Unlike the detention facility in Kurdakhani, prisons had a different set of “thieves’ laws.” In Kurdakhani, prisoners who managed to get themselves scheduled work had the chance to serve food or perform other jobs for small pay. That money was used, in turn, to buy goods from the prison canteen, Kristina said.
However, the transgender and gay prisoners received no salary for the services they provided in prison.
In its 2007 report, ILGA- Europe (the European Region of the International Lesbian and Gay Association) concluded that the general situation in prison facilities in Azerbaijan was disastrous and that torture and ill treatment were common practices in places of pre-trial detention, and to a lesser extent in post-conviction prison facilities. Gays and transgender individuals are forcibly segregated and face regular abuse from other inmates and prison guards.
The male political prisoner interviewed by Meydan TV confirmed the division between homosexual and heterosexual prisoners, and described the attitude toward them.
“Everyone treats them badly, which is a small mirror into Azerbaijani society as a whole. And overall, whenever there was a disagreement or a fight, guards would always take the side of the heterosexual convicts. In our zone [holding facility], 90% of the convicts had a negative attitude toward the homosexual prisoners. Moreover, it was not safe to even be seen talking to a homosexual prisoner; being labeled is easy in prison," he remembers.

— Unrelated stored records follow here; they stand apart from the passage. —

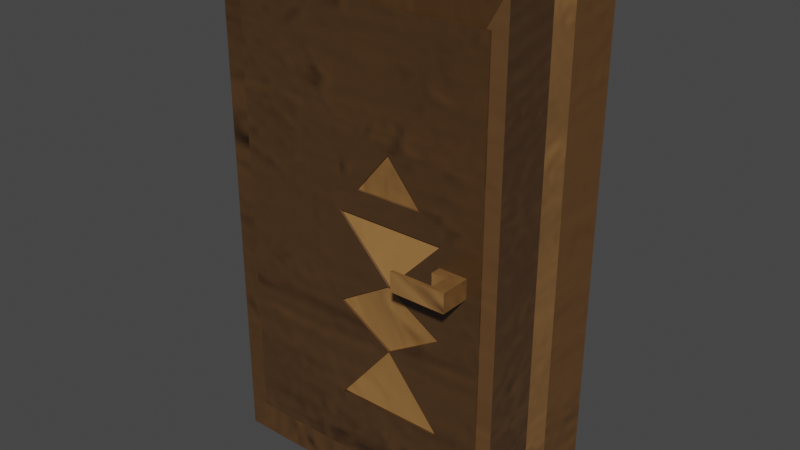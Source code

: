# Source: Wardrobe-Wood.blend  (saved by Blender 3.0.42; exported with 4.5.12 LTS)
import bpy
from mathutils import Matrix  # noqa: F401  (used for matrix-valued properties, if any)

bpy.ops.wm.read_factory_settings(use_empty=True)
scene = bpy.context.scene
scene.name = 'Scene'

# ---- collections
col_collection = bpy.data.collections.new('Collection'); scene.collection.children.link(col_collection)
col_collection_2 = bpy.data.collections.new('Collection 2'); scene.collection.children.link(col_collection_2)

# ---- images (referenced by path relative to the original .blend; pixels are not part of the script)
import os
ASSET_DIR = os.environ.get("B2B_ASSET_DIR", "")  # directory of the original .blend (textures are referenced by path, not embedded)
HERE = os.path.dirname(os.path.abspath(__file__))  # packed textures are extracted next to this script under _unpacked/

def load_image(name, relpath, width, height, colorspace="sRGB"):
    """Load a texture the original file referenced (path relative to the .blend, or extracted next to this script)."""
    p = next((c for c in (os.path.join(HERE, relpath), os.path.join(ASSET_DIR, relpath)) if relpath and os.path.exists(c)), "")
    if p:
        img = bpy.data.images.load(p, check_existing=True)
        img.name = name
    else:  # same state as the original file: an image datablock whose file is absent (Cycles renders it pink)
        img = bpy.data.images.new(name, width, height)
        img.source = "FILE"
        img.filepath = "//" + (relpath or name)
    img.colorspace_settings.name = colorspace
    return img
img_wardrobe_wood = load_image('Wardrobe-Wood', '_unpacked/Wardrobe-Wood.638e27b4.png', 2048, 2048, 'sRGB')
img_light_wood_normal_png = load_image('Light-Wood-Normal.png', '_unpacked/Light-Wood-Normal.47049dd9.png', 512, 512, 'sRGB')

# ---- materials (node trees are filled in below, after node groups)
mat_material = bpy.data.materials.new('Material')
mat_material.alpha_threshold = 0.0
mat_material.use_transparent_shadow = False
mat_material.line_color = (0.0, 0.0, 0.0, 1.0)

# ---- material node trees
mat_material.use_nodes = True; mat_material.node_tree.nodes.clear()
_N = mat_material.node_tree.nodes; _L = mat_material.node_tree.links
n0 = _N.new('ShaderNodeOutputMaterial'); n0.name = 'Material Output'; n0.location = (300, 300)
n1 = _N.new('ShaderNodeBsdfPrincipled'); n1.name = 'Principled BSDF'; n1.location = (10, 300)
n1.distribution = 'GGX'
n1.subsurface_method = 'RANDOM_WALK_SKIN'
n1.inputs[2].default_value = 0.4
n1.inputs[3].default_value = 1.45
n1.inputs[27].default_value = (0.0, 0.0, 0.0, 1.0)
n1.inputs[28].default_value = 1.0
n2 = _N.new('ShaderNodeTexImage'); n2.name = 'Image Texture'; n2.location = (-436, 119)
n2.image = img_wardrobe_wood
n3 = _N.new('ShaderNodeNormalMap'); n3.name = 'Normal Map'; n3.location = (-231, -169)
n3.inputs[0].default_value = 0.5
n4 = _N.new('ShaderNodeTexImage'); n4.name = 'Image Texture.001'; n4.location = (-786, -145)
n4.image = img_light_wood_normal_png
n5 = _N.new('ShaderNodeMapping'); n5.name = 'Mapping'; n5.location = (-454, -168)
n5.inputs[2].default_value = (0.06458, 0.1274, 0.171)
n5.inputs[3].default_value = (4.3, 2.7, 3.1)
_L.new(n1.outputs[0], n0.inputs[0])
_L.new(n2.outputs[0], n1.inputs[0])
_L.new(n3.outputs[0], n1.inputs[5])
_L.new(n4.outputs[0], n5.inputs[0])
_L.new(n5.outputs[0], n3.inputs[1])
n0.is_active_output = True

# ---- world
world_world = bpy.data.worlds.new('World'); scene.world = world_world
world_world.use_nodes = True; world_world.node_tree.nodes.clear()
_N = world_world.node_tree.nodes; _L = world_world.node_tree.links
n0 = _N.new('ShaderNodeOutputWorld'); n0.name = 'World Output'; n0.location = (300, 300)
n1 = _N.new('ShaderNodeBackground'); n1.name = 'Background'; n1.location = (10, 300)
n1.inputs[0].default_value = (0.05088, 0.05088, 0.05088, 1.0)
_L.new(n1.outputs[0], n0.inputs[0])
n0.is_active_output = True
world_world.color = (0.05088, 0.05088, 0.05088)
world_world.use_sun_shadow = False
world_world.sun_shadow_jitter_overblur = 0.0

# ---- meshes
me_plane_001 = bpy.data.meshes.new('Plane.001')
me_plane_001.from_pydata([(1.0, -0.07, 3.451), (-1.0, -0.07, 0.0), (1.0, -0.07, 0.0), (-1.0, -0.07, 3.451), (-1.155, 1.077, 3.718), (-1.155, -0.07747, 3.718), (1.155, 1.077, 3.718), (1.155, -0.07747, -0.2674), (1.155, 1.077, -0.2674), (-1.155, 1.077, -0.2674), (-1.155, -0.07747, -0.2674), (1.155, -0.07747, 3.718), (-1.0, 0.7738, 0.0), (1.0, 0.7738, 0.0), (-1.0, 0.7738, 3.451), (1.0, 0.7738, 3.451), (-1.155, 0.6155, 3.718), (-1.155, 0.3691, 3.718), (1.155, 0.3691, -0.2674), (1.155, 0.6155, -0.2674), (-1.155, 0.6155, -0.2674), (-1.155, 0.3691, -0.2674), (1.155, 0.3691, 3.718), (1.155, 0.6155, 3.718)], [], [(3, 1, 12, 14), (20, 9, 8, 19), (16, 23, 6, 4), (21, 10, 5, 17), (19, 8, 6, 23), (10, 1, 3, 5), (8, 9, 4, 6), (5, 3, 0, 11), (11, 0, 2, 7), (1, 10, 7, 2), (12, 13, 15, 14), (2, 0, 15, 13), (0, 3, 14, 15), (1, 2, 13, 12), (7, 18, 22, 11), (18, 19, 23, 22), (9, 20, 16, 4), (20, 21, 17, 16), (5, 11, 22, 17), (17, 22, 23, 16), (10, 21, 18, 7), (21, 20, 19, 18)])
_uv = me_plane_001.uv_layers.new(name='UVMap')
_uv.uv.foreach_set('vector', [0.5046, 0.3967, 0.5046, 0.5805, 0.4597, 0.5805, 0.4597, 0.3967, 0.2617, 0.3355, 0.2371, 0.3355, 0.2371, 0.2124, 0.2617, 0.2124, 0.0001825, 0.3355, 0.0001826, 0.2124, 0.02479, 0.2124, 0.02479, 0.3355, 0.345, 0.2124, 0.3212, 0.2124, 0.3212, 0.0001825, 0.345, 0.0001825, 0.2617, 0.2124, 0.2371, 0.2124, 0.2371, 0.0001825, 0.2617, 0.0001825, 0.5129, 0.5947, 0.5046, 0.5805, 0.5046, 0.3967, 0.5129, 0.3825, 0.2371, 0.2124, 0.2371, 0.3355, 0.02479, 0.3355, 0.02479, 0.2124, 0.3691, 0.3934, 0.3834, 0.4016, 0.3834, 0.5081, 0.3691, 0.5164, 0.5665, 0.5947, 0.5582, 0.5805, 0.5582, 0.3967, 0.5665, 0.3825, 0.307, 0.2207, 0.3212, 0.2124, 0.3212, 0.3355, 0.307, 0.3272, 0.5662, 0.3821, 0.4597, 0.3821, 0.4597, 0.1983, 0.5662, 0.1983, 0.5582, 0.3967, 0.5582, 0.5805, 0.5133, 0.5805, 0.5133, 0.3967, 0.3834, 0.5081, 0.3834, 0.4016, 0.4283, 0.4016, 0.4283, 0.5081, 0.307, 0.2207, 0.307, 0.3272, 0.262, 0.3272, 0.262, 0.2207, 0.3212, 0.3355, 0.345, 0.3355, 0.345, 0.5477, 0.3212, 0.5477, 0.7575, 0.01727, 0.7707, 0.01727, 0.7707, 0.2295, 0.7575, 0.2295, 0.2371, 0.3355, 0.2617, 0.3355, 0.2617, 0.5477, 0.2371, 0.5477, 0.7803, 0.1872, 0.7803, 0.1741, 0.9925, 0.1741, 0.9925, 0.1872, 0.3691, 0.3934, 0.3691, 0.5164, 0.3453, 0.5164, 0.3453, 0.3934, 0.7302, 0.1441, 0.7302, 0.0211, 0.7433, 0.0211, 0.7433, 0.1441, 0.3212, 0.2124, 0.345, 0.2124, 0.345, 0.3355, 0.3212, 0.3355, 0.7299, 0.1441, 0.7167, 0.1441, 0.7167, 0.0211, 0.7299, 0.0211])
me_plane_001.materials.append(mat_material)
me_plane_001.use_remesh_fix_poles = True
me_plane_001.use_remesh_preserve_attributes = False
me_plane_001.update()
me_plane_002 = bpy.data.meshes.new('Plane.002')
me_plane_002.from_pydata([(-0.004505, -0.009985, -1.797), (2.025, -0.005978, -1.797), (-0.004505, -0.009985, -0.2447), (2.025, -0.005978, -0.2447), (-0.004505, -0.009985, 1.669), (2.025, -0.005978, 1.669), (-0.004351, -0.08837, -1.797), (2.025, -0.08436, -1.797), (-0.004351, -0.08837, -0.2447), (2.025, -0.08436, -0.2447), (-0.004351, -0.08837, 1.669), (2.025, -0.08436, 1.669), (2.025, -0.005978, 0.3933), (2.025, -0.005978, 1.031), (-0.004505, -0.009985, 1.031), (-0.004505, -0.009985, 0.3933), (2.025, -0.08436, 0.3933), (2.025, -0.08436, 1.031), (-0.004351, -0.08837, 1.031), (-0.004351, -0.08837, 0.3933), (-0.004505, -0.009985, -0.7621), (-0.004505, -0.009985, -1.28), (2.025, -0.005978, -1.28), (2.025, -0.005978, -0.7621), (-0.004351, -0.08837, -0.7621), (-0.004351, -0.08837, -1.28), (2.025, -0.08436, -1.28), (2.025, -0.08436, -0.7621), (1.702, -0.006615, -1.797), (1.702, -0.006615, -0.2447), (1.702, -0.006615, 1.669), (1.702, -0.085, -1.797), (1.702, -0.085, -0.2447), (1.702, -0.085, 1.669), (1.702, -0.085, 0.3933), (1.702, -0.085, 1.031), (1.702, -0.006615, 0.3933), (1.702, -0.006615, 1.031), (1.702, -0.085, -1.28), (1.702, -0.006615, -1.28), (1.702, -0.006615, -0.7621), (-0.004505, -0.009985, 0.2007), (-0.004351, -0.08837, 0.2007), (2.025, -0.005978, 0.2007), (2.025, -0.08436, 0.2007), (1.702, -0.006615, 0.2007), (1.702, -0.085, 0.2007), (2.025, -0.08436, -0.09621), (2.025, -0.08436, 0.05224), (1.702, -0.085, -0.09621), (1.702, -0.085, 0.05224), (1.81, -0.08479, -0.09621), (1.81, -0.08479, 0.05224), (1.918, -0.08458, -0.09621), (1.918, -0.08458, 0.05224), (1.702, -0.1648, -0.09621), (1.702, -0.1648, 0.05224), (1.81, -0.1646, -0.09621), (1.81, -0.1646, 0.05224), (1.81, -0.2928, -0.09621), (1.81, -0.2928, 0.05224), (1.918, -0.2926, -0.09621), (1.918, -0.2926, 0.05224), (1.918, -0.3183, -0.09621), (1.918, -0.3183, 0.05224), (1.489, -0.2934, -0.09621), (1.489, -0.2934, 0.05224), (1.489, -0.3192, -0.09621), (1.489, -0.3192, 0.05224), (0.8489, -0.08669, 0.3933), (0.8489, -0.08669, 1.031), (-0.004351, -0.08837, -0.02198), (0.8489, -0.08669, 0.2007), (1.702, -0.085, -0.02198), (-0.004351, -0.08837, -0.5034), (1.702, -0.085, -0.5034), (1.276, -0.08584, -0.2447), (0.8489, -0.08669, -1.28), (1.276, -0.08584, -0.7621), (0.8489, -0.08669, -0.5034), (1.702, -0.06729, 0.2007), (0.8489, -0.06898, 0.2007), (1.702, -0.06729, -1.28), (0.8489, -0.06898, -1.28), (1.276, -0.08584, 0.3933), (1.276, -0.06814, -0.2447), (1.276, -0.06814, -0.7621), (0.8489, -0.06898, -0.5034), (1.702, -0.06729, -0.5034), (1.276, -0.08584, 0.7123), (1.276, -0.08584, 0.2007), (1.276, -0.06814, 0.2007), (1.01, -0.08637, 0.3933), (1.542, -0.08532, 0.3933), (1.542, -0.06761, 0.3933), (1.276, -0.06814, 0.3933), (1.276, -0.06814, 0.7123), (1.01, -0.06866, 0.3933)], [], [(40, 29, 3, 23), (37, 30, 5, 13), (35, 17, 11, 33), (13, 5, 11, 17), (28, 1, 7, 31), (41, 2, 8, 71, 42), (30, 4, 10, 33), (23, 3, 9, 27), (21, 0, 6, 25), (4, 14, 18, 10), (14, 15, 19, 18), (43, 12, 16, 44), (12, 13, 17, 16), (46, 44, 16, 34), (34, 16, 17, 35), (45, 36, 12, 43), (36, 37, 13, 12), (2, 20, 24, 74, 8), (20, 21, 25, 24), (1, 22, 26, 7), (22, 23, 27, 26), (28, 39, 22, 1), (39, 40, 23, 22), (21, 20, 40, 39), (0, 21, 39, 28), (32, 49, 73, 50, 46, 76, 75), (6, 31, 38, 77, 25), (15, 14, 37, 36), (41, 15, 36, 45), (5, 30, 33, 11), (0, 28, 31, 6), (18, 70, 35, 33, 10), (14, 4, 30, 37), (20, 2, 29, 40), (76, 72, 79), (2, 41, 45, 29), (29, 45, 43, 3), (3, 43, 44, 48, 47, 9), (15, 41, 42, 19), (32, 9, 47, 53, 51, 49), (50, 73, 49, 55, 56), (27, 9, 32, 75, 38, 31, 7, 26), (55, 57, 58, 56), (53, 54, 62, 64, 63, 61), (51, 53, 61, 59, 57, 55, 49), (58, 57, 59, 60), (62, 60, 66, 68, 64), (54, 52, 50, 56, 58, 60, 62), (66, 65, 67, 68), (60, 59, 65, 66), (25, 77, 79, 72, 69, 70, 18, 19, 42, 71, 8, 74, 24), (48, 44, 46, 50, 52, 54, 53, 47), (38, 75, 78), (46, 90, 91, 80), (46, 34, 93, 84, 92, 69, 72, 90), (77, 38, 82, 83), (78, 75, 88, 86), (72, 76, 85, 81), (75, 76, 85, 88), (93, 89, 96, 94), (38, 78, 86, 82), (90, 72, 81, 91), (81, 85, 80, 91), (83, 82, 86), (79, 77, 78), (89, 92, 97, 96), (85, 87, 86, 88), (78, 77, 83, 86), (76, 79, 87, 85), (76, 46, 80, 85), (79, 78, 86, 87), (97, 95, 94, 96), (92, 84, 95, 97), (84, 93, 94, 95), (35, 70, 69, 92, 89, 93, 34), (63, 64, 68, 67), (59, 61, 63, 67, 65)])
_uv = me_plane_002.uv_layers.new(name='UVMap')
_uv.uv.foreach_set('vector', [0.3635, 0.2564, 0.3635, 0.2855, 0.3453, 0.2855, 0.3453, 0.2564, 0.3635, 0.3572, 0.3635, 0.393, 0.3453, 0.393, 0.3453, 0.3572, 0.3641, 0.03694, 0.3454, 0.03689, 0.3457, 0.0001825, 0.3642, 0.0002945, 0.5712, 0.4541, 0.5712, 0.49, 0.5668, 0.49, 0.5668, 0.4541, 0.5712, 0.8945, 0.5712, 0.9126, 0.5668, 0.9126, 0.5668, 0.8945, 0.5712, 0.6864, 0.5712, 0.7115, 0.5668, 0.7115, 0.5668, 0.699, 0.5668, 0.6864, 0.5712, 0.5081, 0.5712, 0.604, 0.5668, 0.604, 0.5668, 0.5081, 0.5712, 0.9708, 0.5712, 0.9998, 0.5668, 0.9998, 0.5668, 0.9708, 0.5712, 0.7696, 0.5712, 0.7986, 0.5668, 0.7986, 0.5668, 0.7696, 0.5712, 0.604, 0.5712, 0.6398, 0.5668, 0.6398, 0.5668, 0.604, 0.5712, 0.6398, 0.5712, 0.6756, 0.5668, 0.6756, 0.5668, 0.6398, 0.5712, 0.4075, 0.5712, 0.4183, 0.5668, 0.4183, 0.5668, 0.4075, 0.5712, 0.4183, 0.5712, 0.4541, 0.5668, 0.4541, 0.5668, 0.4183, 0.3642, 0.08498, 0.3454, 0.08506, 0.3453, 0.07383, 0.3641, 0.07376, 0.3641, 0.07376, 0.3453, 0.07383, 0.3454, 0.03689, 0.3641, 0.03694, 0.3635, 0.3105, 0.3635, 0.3213, 0.3453, 0.3213, 0.3453, 0.3105, 0.3635, 0.3213, 0.3635, 0.3572, 0.3453, 0.3572, 0.3453, 0.3213, 0.5712, 0.7115, 0.5712, 0.7405, 0.5668, 0.7405, 0.5668, 0.726, 0.5668, 0.7115, 0.5712, 0.7405, 0.5712, 0.7696, 0.5668, 0.7696, 0.5668, 0.7405, 0.5712, 0.9126, 0.5712, 0.9417, 0.5668, 0.9417, 0.5668, 0.9126, 0.5712, 0.9417, 0.5712, 0.9708, 0.5668, 0.9708, 0.5668, 0.9417, 0.3635, 0.1983, 0.3635, 0.2274, 0.3453, 0.2274, 0.3453, 0.1983, 0.3635, 0.2274, 0.3635, 0.2564, 0.3453, 0.2564, 0.3453, 0.2274, 0.4593, 0.2274, 0.4593, 0.2564, 0.3635, 0.2564, 0.3635, 0.2274, 0.4593, 0.1983, 0.4593, 0.2274, 0.3635, 0.2274, 0.3635, 0.1983, 0.3646, 0.111, 0.3644, 0.1023, 0.3643, 0.09799, 0.3642, 0.09365, 0.3642, 0.08498, 0.3893, 0.1106, 0.365, 0.1258, 0.4617, 0.1936, 0.3701, 0.1968, 0.3688, 0.1689, 0.4143, 0.167, 0.461, 0.1659, 0.4593, 0.3213, 0.4593, 0.3572, 0.3635, 0.3572, 0.3635, 0.3213, 0.4593, 0.3105, 0.4593, 0.3213, 0.3635, 0.3213, 0.3635, 0.3105, 0.5712, 0.49, 0.5712, 0.5081, 0.5668, 0.5081, 0.5668, 0.49, 0.5712, 0.7986, 0.5712, 0.8945, 0.5668, 0.8945, 0.5668, 0.7986, 0.4613, 0.03744, 0.413, 0.03711, 0.3641, 0.03694, 0.3642, 0.0002945, 0.4617, 0.001146, 0.4593, 0.3572, 0.4593, 0.393, 0.3635, 0.393, 0.3635, 0.3572, 0.4593, 0.2564, 0.4593, 0.2855, 0.3635, 0.2855, 0.3635, 0.2564, 0.3898, 0.1107, 0.4131, 0.08429, 0.413, 0.1242, 0.4593, 0.2855, 0.4593, 0.3105, 0.3635, 0.3105, 0.3635, 0.2855, 0.3635, 0.2855, 0.3635, 0.3105, 0.3453, 0.3105, 0.3453, 0.2855, 0.5712, 0.3825, 0.5712, 0.4075, 0.5668, 0.4075, 0.5668, 0.3991, 0.5668, 0.3908, 0.5668, 0.3825, 0.5712, 0.6756, 0.5712, 0.6864, 0.5668, 0.6864, 0.5668, 0.6756, 0.3646, 0.111, 0.3459, 0.1118, 0.3455, 0.1031, 0.3518, 0.1028, 0.358, 0.1026, 0.3644, 0.1023, 0.8791, 0.3594, 0.8818, 0.364, 0.8804, 0.3693, 0.877, 0.3669, 0.8763, 0.3623, 0.3481, 0.1416, 0.3459, 0.1118, 0.3646, 0.111, 0.365, 0.1258, 0.3688, 0.1689, 0.3701, 0.1968, 0.3528, 0.1979, 0.3509, 0.1702, 0.877, 0.3669, 0.8716, 0.3694, 0.8716, 0.3605, 0.8763, 0.3623, 0.8692, 0.3778, 0.8615, 0.3837, 0.8533, 0.3729, 0.8523, 0.3715, 0.86, 0.3657, 0.861, 0.367, 0.8748, 0.3736, 0.8692, 0.3778, 0.861, 0.367, 0.8666, 0.3628, 0.8716, 0.3694, 0.877, 0.3669, 0.8804, 0.3693, 0.8716, 0.3605, 0.879, 0.3617, 0.8787, 0.3675, 0.8681, 0.3686, 0.8629, 0.364, 0.8681, 0.3686, 0.8774, 0.3793, 0.8767, 0.3798, 0.862, 0.3649, 0.8684, 0.3537, 0.8738, 0.3565, 0.8791, 0.3594, 0.8763, 0.3623, 0.8716, 0.3605, 0.8681, 0.3686, 0.8629, 0.364, 0.8774, 0.3793, 0.8832, 0.3881, 0.8808, 0.3894, 0.8767, 0.3798, 0.5048, 0.02001, 0.5154, 0.01889, 0.52, 0.03943, 0.5141, 0.03064, 0.461, 0.1659, 0.4143, 0.167, 0.413, 0.1242, 0.4131, 0.08429, 0.413, 0.07341, 0.413, 0.03711, 0.4613, 0.03744, 0.4609, 0.07364, 0.4608, 0.08444, 0.4607, 0.09689, 0.4606, 0.1093, 0.4606, 0.1236, 0.4606, 0.1379, 0.3454, 0.09372, 0.3454, 0.08506, 0.3642, 0.08498, 0.3642, 0.09365, 0.358, 0.09368, 0.3517, 0.0937, 0.3517, 0.1024, 0.3454, 0.1024, 0.3688, 0.1689, 0.365, 0.1258, 0.3881, 0.1389, 0.4817, 0.1856, 0.4817, 0.1616, 0.4827, 0.1616, 0.4827, 0.1856, 0.3642, 0.08498, 0.3641, 0.07376, 0.3734, 0.0737, 0.3888, 0.07353, 0.4039, 0.07343, 0.413, 0.07341, 0.4131, 0.08429, 0.3889, 0.08452, 0.4541, 0.4413, 0.4541, 0.3934, 0.455, 0.3934, 0.455, 0.4413, 0.4564, 0.4314, 0.4564, 0.4594, 0.4554, 0.4594, 0.4554, 0.4314, 0.4591, 0.3934, 0.4591, 0.428, 0.4581, 0.428, 0.4581, 0.3934, 0.4541, 0.4697, 0.4541, 0.4416, 0.455, 0.4416, 0.455, 0.4697, 0.484, 0.1616, 0.484, 0.1849, 0.483, 0.1849, 0.483, 0.1616, 0.4568, 0.431, 0.4568, 0.3934, 0.4578, 0.3934, 0.4578, 0.431, 0.4803, 0.1856, 0.4803, 0.1616, 0.4813, 0.1616, 0.4813, 0.1856, 0.897, 0.455, 0.872, 0.431, 0.897, 0.407, 0.897, 0.431, 0.8965, 0.3448, 0.8595, 0.3143, 0.8965, 0.3072, 0.413, 0.1242, 0.4143, 0.167, 0.3886, 0.1391, 0.4844, 0.1849, 0.4844, 0.1616, 0.4854, 0.1616, 0.4854, 0.1849, 0.872, 0.4833, 0.872, 0.4553, 0.8969, 0.4683, 0.8969, 0.4963, 0.4564, 0.3934, 0.4564, 0.431, 0.4554, 0.431, 0.4554, 0.3934, 0.4568, 0.4594, 0.4568, 0.4314, 0.4578, 0.4314, 0.4578, 0.4594, 0.4591, 0.4284, 0.4591, 0.463, 0.4581, 0.463, 0.4581, 0.4284, 0.4287, 0.483, 0.4567, 0.483, 0.4567, 0.484, 0.4287, 0.484, 0.8774, 0.3452, 0.8774, 0.3601, 0.8774, 0.3751, 0.8595, 0.3601, 0.4578, 0.4598, 0.4578, 0.4747, 0.4568, 0.4747, 0.4568, 0.4598, 0.4564, 0.4598, 0.4564, 0.4747, 0.4554, 0.4747, 0.4554, 0.4598, 0.3641, 0.03694, 0.413, 0.03711, 0.413, 0.07341, 0.4039, 0.07343, 0.3886, 0.05528, 0.3734, 0.0737, 0.3641, 0.07376, 0.8565, 0.3733, 0.862, 0.3649, 0.8767, 0.3798, 0.8808, 0.3894, 0.8666, 0.3628, 0.861, 0.367, 0.86, 0.3657, 0.8822, 0.3488, 0.8832, 0.3502])
me_plane_002.materials.append(mat_material)
me_plane_002.use_remesh_fix_poles = True
me_plane_002.use_remesh_preserve_attributes = False
me_plane_002.update()

# ---- objects
ob_plane = bpy.data.objects.new('Plane', me_plane_001)
ob_plane_001 = bpy.data.objects.new('Plane.001', me_plane_002)

# ---- transforms, parenting, visibility, modifiers, constraints
ob_plane.location = (0.0, 0.0, 0.0)
ob_plane_001.location = (-0.9899, 0.0, 1.782)

# ---- collection membership
col_collection.objects.link(ob_plane)
col_collection_2.objects.link(ob_plane_001)

# ---- scene / render settings (as saved in the file)
scene.frame_start = 1; scene.frame_end = 250; scene.frame_set(1)
scene.render.engine = 'BLENDER_EEVEE_NEXT'
scene.cycles.sampling_pattern = 'TABULATED_SOBOL'
scene.cycles.use_light_tree = False
scene.view_settings.view_transform = 'Filmic'
bpy.context.view_layer.update()

# ---- added for rendering (the .blend has no active camera and no usable light): camera, sun
cam_auto = bpy.data.cameras.new('AutoCamera')
cam_auto.lens = 50.0
cam_auto.sensor_width = 36.0
cam_auto.clip_end = 1000.0
ob_auto_camera = bpy.data.objects.new('AutoCamera', cam_auto)
scene.collection.objects.link(ob_auto_camera)
ob_auto_camera.location = (4.45374, -4.96535, 5.28847)
ob_auto_camera.rotation_euler = (1.09748, -7.21219e-08, 0.694738)
scene.camera = ob_auto_camera
light_auto_sun = bpy.data.lights.new('AutoSun', 'SUN')
light_auto_sun.energy = 3.0
light_auto_sun.angle = 0.0523599
ob_auto_sun = bpy.data.objects.new('AutoSun', light_auto_sun)
scene.collection.objects.link(ob_auto_sun)
ob_auto_sun.rotation_euler = (0.872665, 0.174533, 0.523599)
bpy.context.view_layer.update()

Being LGBTI in Azerbaijan: Little Prospect For Change
In September 2015, the European Parliament passed a resolution in which it expressed its “extreme concern” over the situation of LGBTI people in Azerbaijan, and condemned “political hate speech against LGBTI people coming in from the highest levels” and “called on the Azerbaijan government to stop obstructing and intimidating human rights defenders working for the rights of LGBTI people”.
There is little legislative support for members of the LGBTI community in the country. When 20-year-old Isa Shahmarli, gay rights activist and founder of AZAD - a LGBTI NGO in Azerbaijan - committed suicide in 2014, a wave of concern spread through the country’s civil society. However, little has changed.
Azerbaijan decriminalized homosexuality in 2001 in order to join the Council of Europe, but, in 2010, Council of Europe discussions on sexual discrimination and same-sex marriage were boycotted and protested against in the country. This suggested to many observers that the government is unlikely to take steps to properly protect the rights of gay and transgender Azerbaijanis.
The legal and financial limitations organizations that do take on the task of LGBT related issues in the country face a series of tough laws that make it difficult to spread or raise awareness to the plight of LGBTI peoples in Azerbaijan.
As a result, many members of Azerbaijan's LGBTI community choose to instead leave the country.